The Fourier-domain version of the a/LCI system uses a superluminescent diode (SLD) with a fiber-coupled output as the light source. A fiber splitter separates the signal path at 90% intensity and the reference path at 10%.

The light from the SLD passes through an optical isolator and subsequently a polarization controller. It has been shown that control of light polarization is important for maximizing optical signal and comparing angular scattering with the Mie scattering model. A polarization-maintaining fiber is used to carry the illumination light to the sample. A second polarization controller is similarly used to control the polarization of the light passing through the reference path.

The output of the fiber on the right is collimated using lens L1 and illuminates the tissue. But because the delivery fiber is offset from the optical axis of the lens, the beam is delivered to the sample at an oblique angle. Backscattered light is then collimated by the same lens and collected by the fiber bundle. The fibers are one focal length from the lens, and the sample is one focal length on the other side. This configuration captures light from the maximum range of angles and minimizes light noise due to specular reflections.

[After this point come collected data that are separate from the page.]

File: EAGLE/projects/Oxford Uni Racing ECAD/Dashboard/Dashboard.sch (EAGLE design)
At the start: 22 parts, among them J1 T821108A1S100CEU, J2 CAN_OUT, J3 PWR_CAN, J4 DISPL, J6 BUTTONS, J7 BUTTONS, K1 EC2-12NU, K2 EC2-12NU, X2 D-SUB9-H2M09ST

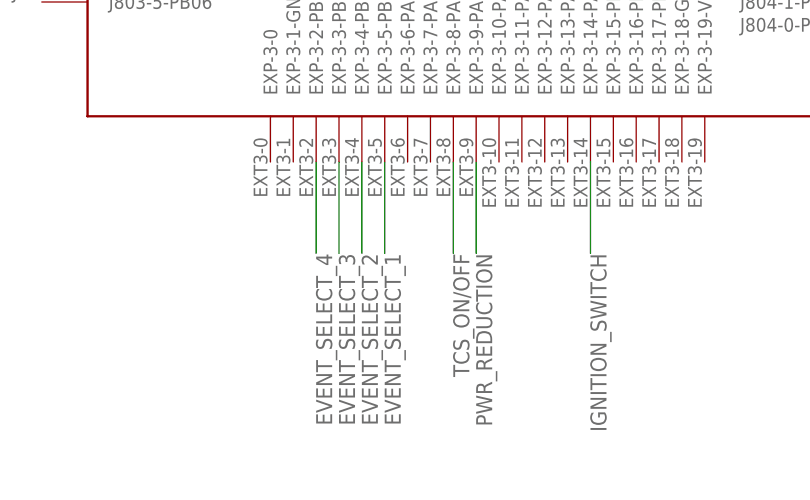
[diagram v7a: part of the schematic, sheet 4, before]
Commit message: fixed overlapping digital pins
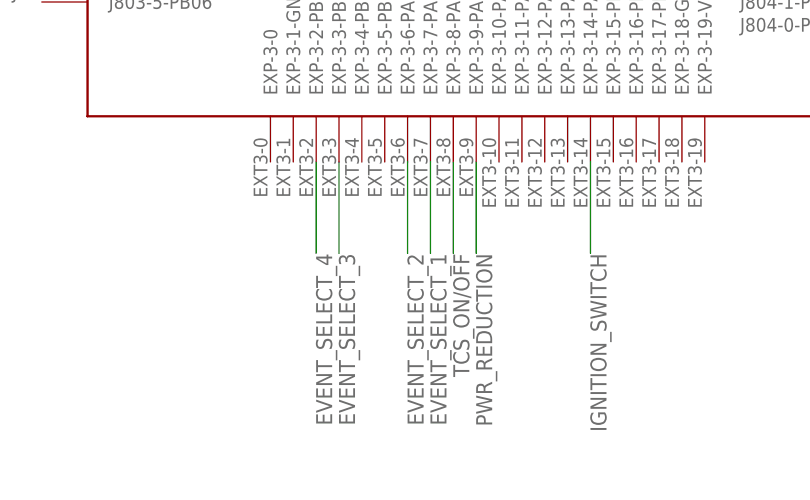
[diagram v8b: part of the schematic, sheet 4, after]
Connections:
- net EVENT_SELECT_1: now also U$1.EXP-3-7-PA15; no longer U$1.EXP-3-5-PB05
- net EVENT_SELECT_2: now also U$1.EXP-3-6-PA14; no longer U$1.EXP-3-4-PB04
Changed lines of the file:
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@@
 </segment>
 <segment>
-<label x="200.66" y="-17.78" size="1.778" layer="95" rot="R270"/>
-<wire x1="200.66" y1="-17.78" x2="200.66" y2="-7.62" width="0.1524" layer="91"/>
-<pinref part="U$1" gate="G$1" pin="EXP-3-5-PB05"/>
+<pinref part="U$1" gate="G$1" pin="EXP-3-7-PA15"/>
+<wire x1="205.74" y1="-7.62" x2="205.74" y2="-17.78" width="0.1524" layer="91"/>
+<label x="205.74" y="-17.78" size="1.778" layer="95" rot="R270"/>
 </segment>
 </net>
@@
 </segment>
 <segment>
-<label x="198.12" y="-17.78" size="1.778" layer="95" rot="R270"/>
-<wire x1="198.12" y1="-17.78" x2="198.12" y2="-7.62" width="0.1524" layer="91"/>
-<pinref part="U$1" gate="G$1" pin="EXP-3-4-PB04"/>
+<pinref part="U$1" gate="G$1" pin="EXP-3-6-PA14"/>
+<wire x1="203.2" y1="-7.62" x2="203.2" y2="-17.78" width="0.1524" layer="91"/>
+<label x="203.2" y="-17.78" size="1.778" layer="95" rot="R270"/>
 </segment>
 </net>
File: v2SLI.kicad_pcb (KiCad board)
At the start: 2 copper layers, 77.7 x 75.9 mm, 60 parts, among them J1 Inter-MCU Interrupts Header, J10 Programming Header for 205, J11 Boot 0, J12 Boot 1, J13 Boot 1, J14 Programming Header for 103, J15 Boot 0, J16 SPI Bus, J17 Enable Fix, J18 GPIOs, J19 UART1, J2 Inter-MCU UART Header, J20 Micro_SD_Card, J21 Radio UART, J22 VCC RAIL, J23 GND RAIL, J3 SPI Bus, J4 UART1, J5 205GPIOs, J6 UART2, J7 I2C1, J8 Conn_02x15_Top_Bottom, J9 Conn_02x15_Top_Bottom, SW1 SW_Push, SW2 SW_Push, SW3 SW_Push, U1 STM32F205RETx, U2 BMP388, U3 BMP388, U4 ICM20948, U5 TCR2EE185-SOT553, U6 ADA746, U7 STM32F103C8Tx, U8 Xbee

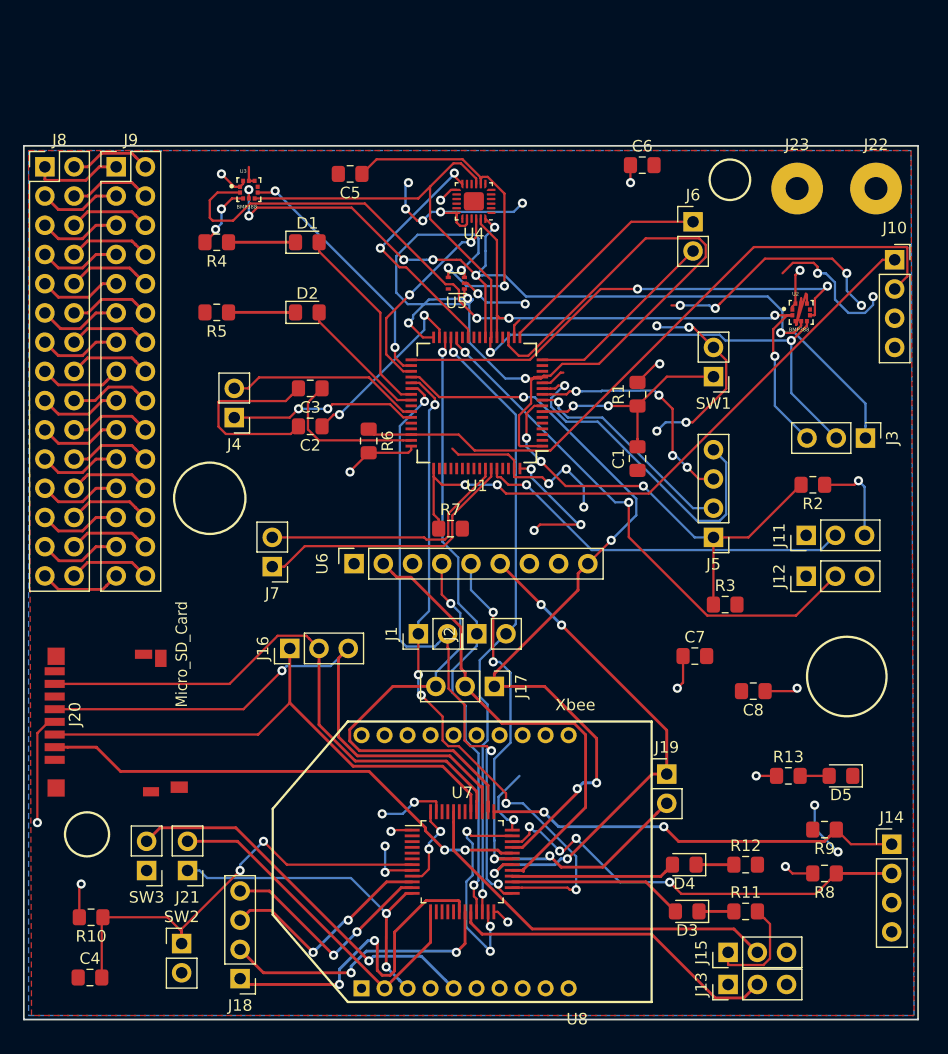
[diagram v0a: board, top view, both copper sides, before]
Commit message: added a zip of a few footprints that I hadn't proplery imported.
I designed this in a rush and didn't really bother to get the footprints properly in there, just got the same settings from SLI v1. Now I know for future projects
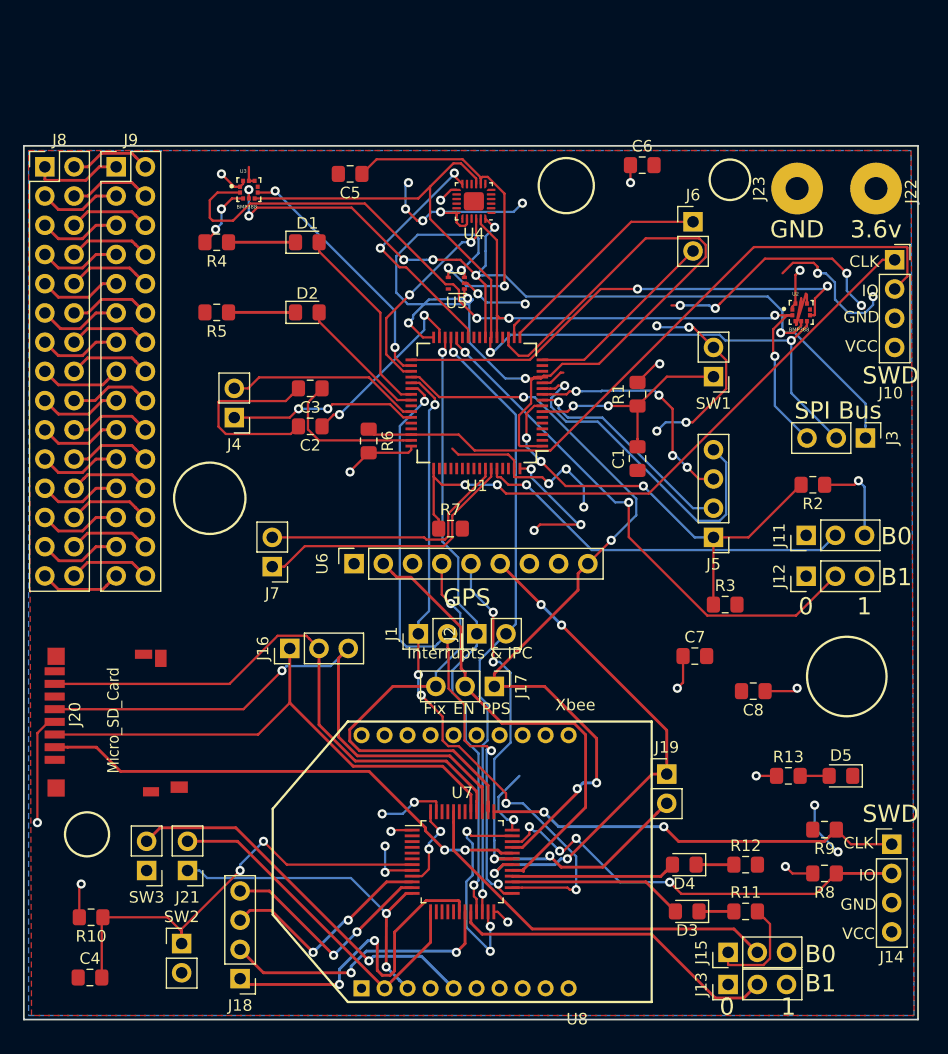
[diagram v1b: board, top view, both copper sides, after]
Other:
- board text added: "0"
- board text added: "1"
- board text added: "3.6v"
- board text added: "B0"
- board text added: "B1"
- board text added: "CLK"
- board text added: "EN"
- board text added: "Fix"
- board text added: "GND"
- board text added: "GPS"
- board text added: "IO"
- board text added: "Interrupts & IPC"
- board text added: "PPS"
- board text added: "SPI Bus"
- board text added: "SWD"
- board text added: "VCC"
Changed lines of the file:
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@@
   (general
     (thickness 1.6)
-    (drawings 10)
+    (drawings 37)
     (tracks 1114)
     (zones 0)
@@
     (descr "Through hole straight socket strip, 1x04, 2.54mm pitch, single row (from Kicad 4.0.7), script generated")
     (tags "Through hole socket strip THT 1x04 2.54mm single row")
-    (fp_text reference J10 (at 0 -2.77) (layer F.SilkS)
+    (fp_text reference J10 (at -0.351741 11.586259) (layer F.SilkS)
       (effects (font (size 1 1) (thickness 0.15)))
     )
@@
     (descr "Through hole straight pin header, 1x04, 2.54mm pitch, single row")
     (tags "Through hole pin header THT 1x04 2.54mm single row")
-    (fp_text reference J14 (at 0 -2.33) (layer F.SilkS)
+    (fp_text reference J14 (at 0 9.808259) (layer F.SilkS)
       (effects (font (size 1 1) (thickness 0.15)))
     )
@@
       (effects (font (size 1.00061 1.00061) (thickness 0.05)))
     )
-    (fp_text value Micro_SD_Card (at 0 0 270) (layer F.SilkS)
+    (fp_text value Micro_SD_Card (at 5.744259 5.939741 270) (layer F.SilkS)
       (effects (font (size 1 0.9) (thickness 0.05)))
     )
@@
     (tags "LED handsolder")
     (attr smd)
-    (fp_text reference D5 (at 0 -1.65 180) (layer F.SilkS)
+    (fp_text reference D5 (at 0 1.778 180) (layer F.SilkS)
       (effects (font (size 1 1) (thickness 0.15)))
     )
@@
     (tags connector)
     (attr virtual)
-    (fp_text reference J22 (at 0 -3.81) (layer F.SilkS)
+    (fp_text reference J22 (at 3.048 0.254 90) (layer F.SilkS)
       (effects (font (size 1 1) (thickness 0.15)))
     )
@@
     (tags connector)
     (attr virtual)
-    (fp_text reference J23 (at 0 -3.81) (layer F.SilkS)
+    (fp_text reference J23 (at -3.302 0 90) (layer F.SilkS)
       (effects (font (size 1 1) (thickness 0.15)))
     )
@@
       (net 2 GND))
   )
+  (gr_text PPS (at 165.510259 81.944259) (layer F.SilkS)
+    (effects (font (size 1 1) (thickness 0.2)))
+  )
+  (gr_text EN (at 162.716259 81.944259) (layer F.SilkS)
+    (effects (font (size 1 1) (thickness 0.2)))
+  )
+  (gr_text Fix (at 160.176259 81.944259) (layer F.SilkS)
+    (effects (font (size 1 1) (thickness 0.2)))
+  )
+  (gr_text "Interrupts & IPC" (at 163.224259 77.118259) (layer F.SilkS)
+    (effects (font (size 1 1) (thickness 0.2)))
+  )
+  (gr_text GPS (at 162.970259 72.292259) (layer F.SilkS)
+    (effects (font (size 1.5 1.5) (thickness 0.3)))
+  )
+  (gr_text 3.6v (at 198.530259 40.288259) (layer F.SilkS)
+    (effects (font (size 1.5 1.5) (thickness 0.3)))
+  )
+  (gr_text GND (at 191.672259 40.288259) (layer F.SilkS)
+    (effects (font (size 1.5 1.5) (thickness 0.3)))
+  )
+  (gr_text SWD (at 199.800259 52.988259) (layer F.SilkS)
+    (effects (font (size 1.5 1.5) (thickness 0.3)))
+  )
+  (gr_text CLK (at 197.514259 43.082259) (layer F.SilkS)
+    (effects (font (size 1 1) (thickness 0.2)))
+  )
+  (gr_text IO (at 198.022259 45.622259) (layer F.SilkS)
+    (effects (font (size 1 1) (thickness 0.2)))
+  )
+  (gr_text VCC (at 197.260259 50.448259) (layer F.SilkS)
+    (effects (font (size 1 1) (thickness 0.2)))
+  )
+  (gr_text GND (at 197.260259 47.908259) (layer F.SilkS)
+    (effects (font (size 1 1) (thickness 0.2)))
+  )
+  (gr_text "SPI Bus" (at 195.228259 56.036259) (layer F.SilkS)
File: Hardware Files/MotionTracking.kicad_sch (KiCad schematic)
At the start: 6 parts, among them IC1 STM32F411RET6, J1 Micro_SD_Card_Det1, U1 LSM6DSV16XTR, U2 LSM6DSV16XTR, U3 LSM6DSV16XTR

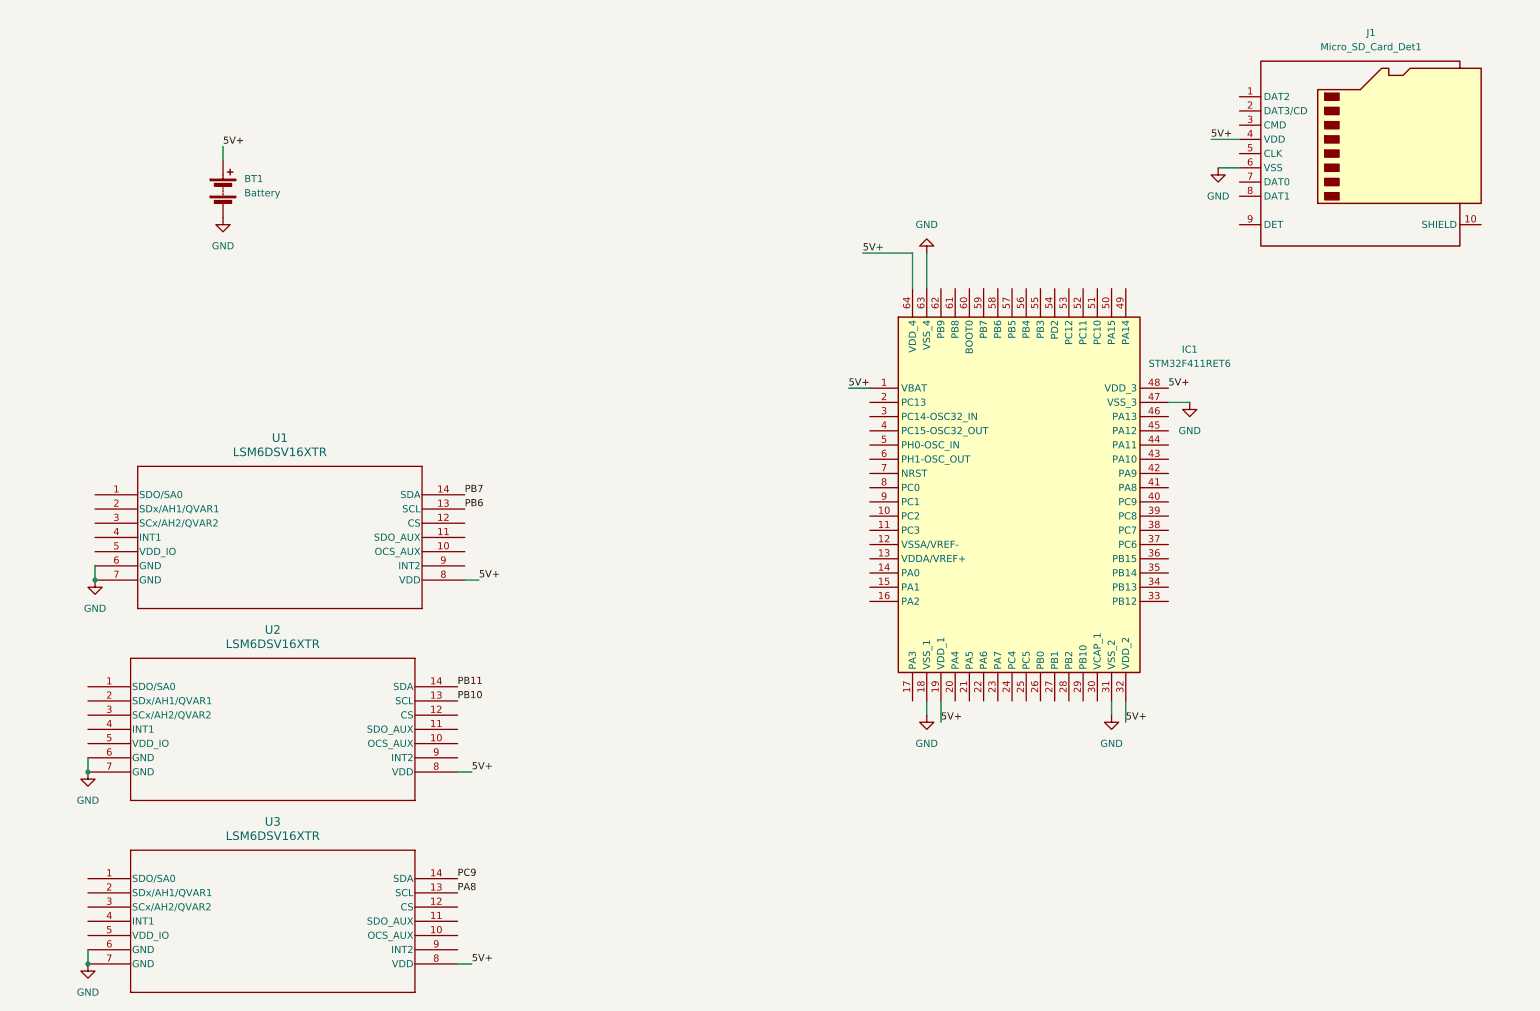
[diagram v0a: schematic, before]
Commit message: Decoupling Caps, Pull Ups, Diodes
- Added decoupling caps according to design notes

- Pulled I2C lines to VSS as specified by IMU datasheet

-Added Shottky diodes to main power to select between 5V USB and 5V from battery.
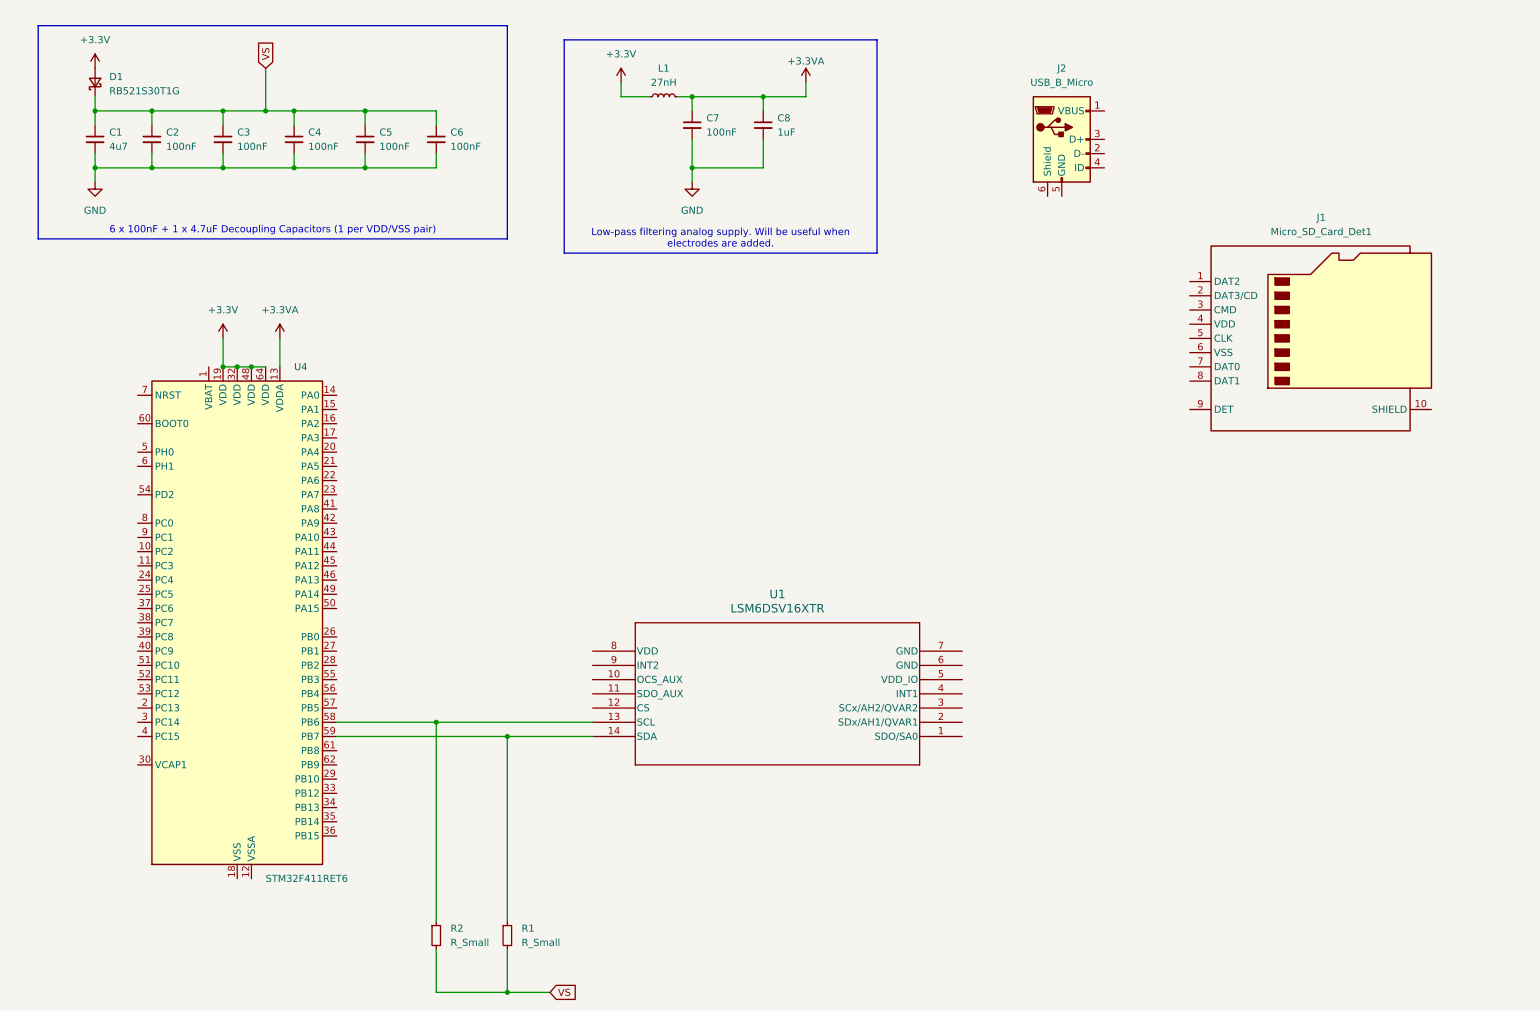
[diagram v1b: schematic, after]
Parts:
- removed BT1: Battery, symbol Device:Battery
- removed IC1: STM32F411RET6, QFP50P1200X1200X160-64N, symbol mcu:STM32F411RET6
- removed U2, U3: LSM6DSV16XTR, LGA14L_LSM6_STM, symbol imu:LSM6DSV16XTR
- added C1: 4u7, symbol Device:C_Small
- added C2, C3, C4, C5, C6, C7: 100nF, symbol Device:C_Small
- added C8: 1uF, symbol Device:C_Small
- added D1: RB521S30T1G, symbol Device:D_Schottky_Small
- added J2: USB_B_Micro, symbol Connector:USB_B_Micro
- added L1: 27nH, symbol Device:L_Small
- added R1, R2: R_Small, symbol Device:R_Small
- added U4: STM32F411RET6, Package_QFP:LQFP-64_10x10mm_P0.5mm, symbol MCU_ST_STM32F4:STM32F411RETx
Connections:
- net GND: now also C1.2, C2.2, C3.2, C4.2, C5.2, C6.2, C7.2, C8.2; no longer J1.6 (VSS), U1.6 (GND), U1.7 (GND)
- net 5V+: no longer names the net of J1.4 (VDD)
- net 5V+: no longer U1.8 (VDD)
- net PB6: no longer names the net of U1.13 (SCL)
- net PB6: now also R2.1, U4.58 (PB6)
- net PB7: no longer names the net of U1.14 (SDA)
- net PB7: now also R1.1, U4.59 (PB7)
- new net: U4.18 (VSS), U4.31 (VSS), U4.47 (VSS), U4.63 (VSS)
- new net +3.3V: D1.2 (A), L1.1, U4.19 (VDD), U4.32 (VDD), U4.48 (VDD), U4.64 (VDD)
- new net +3.3VA: C7.1, C8.1, L1.2, U4.13 (VDDA)
- new net VS: C1.1, C2.1, C3.1, C4.1, C5.1, C6.1, D1.1 (K), R1.2, R2.2
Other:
- company: (none) -> Alberta Bionix
- title: (none) -> STM32F411 Motion Tracker
- moved on the sheet: J1, U1

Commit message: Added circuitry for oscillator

At the distal end of the fiber bundle, light from each fiber is imaged onto the spectrometer. Light from the sample and reference arms are mixed by a beamsplitting cube (BS), and are incident on the entrance slit of an imaging spectrometer. Data from the imaging spectrometer are transferred to a computer via USB interface for signal processing and display of results. The computer also provides control of the imaging spectrometer.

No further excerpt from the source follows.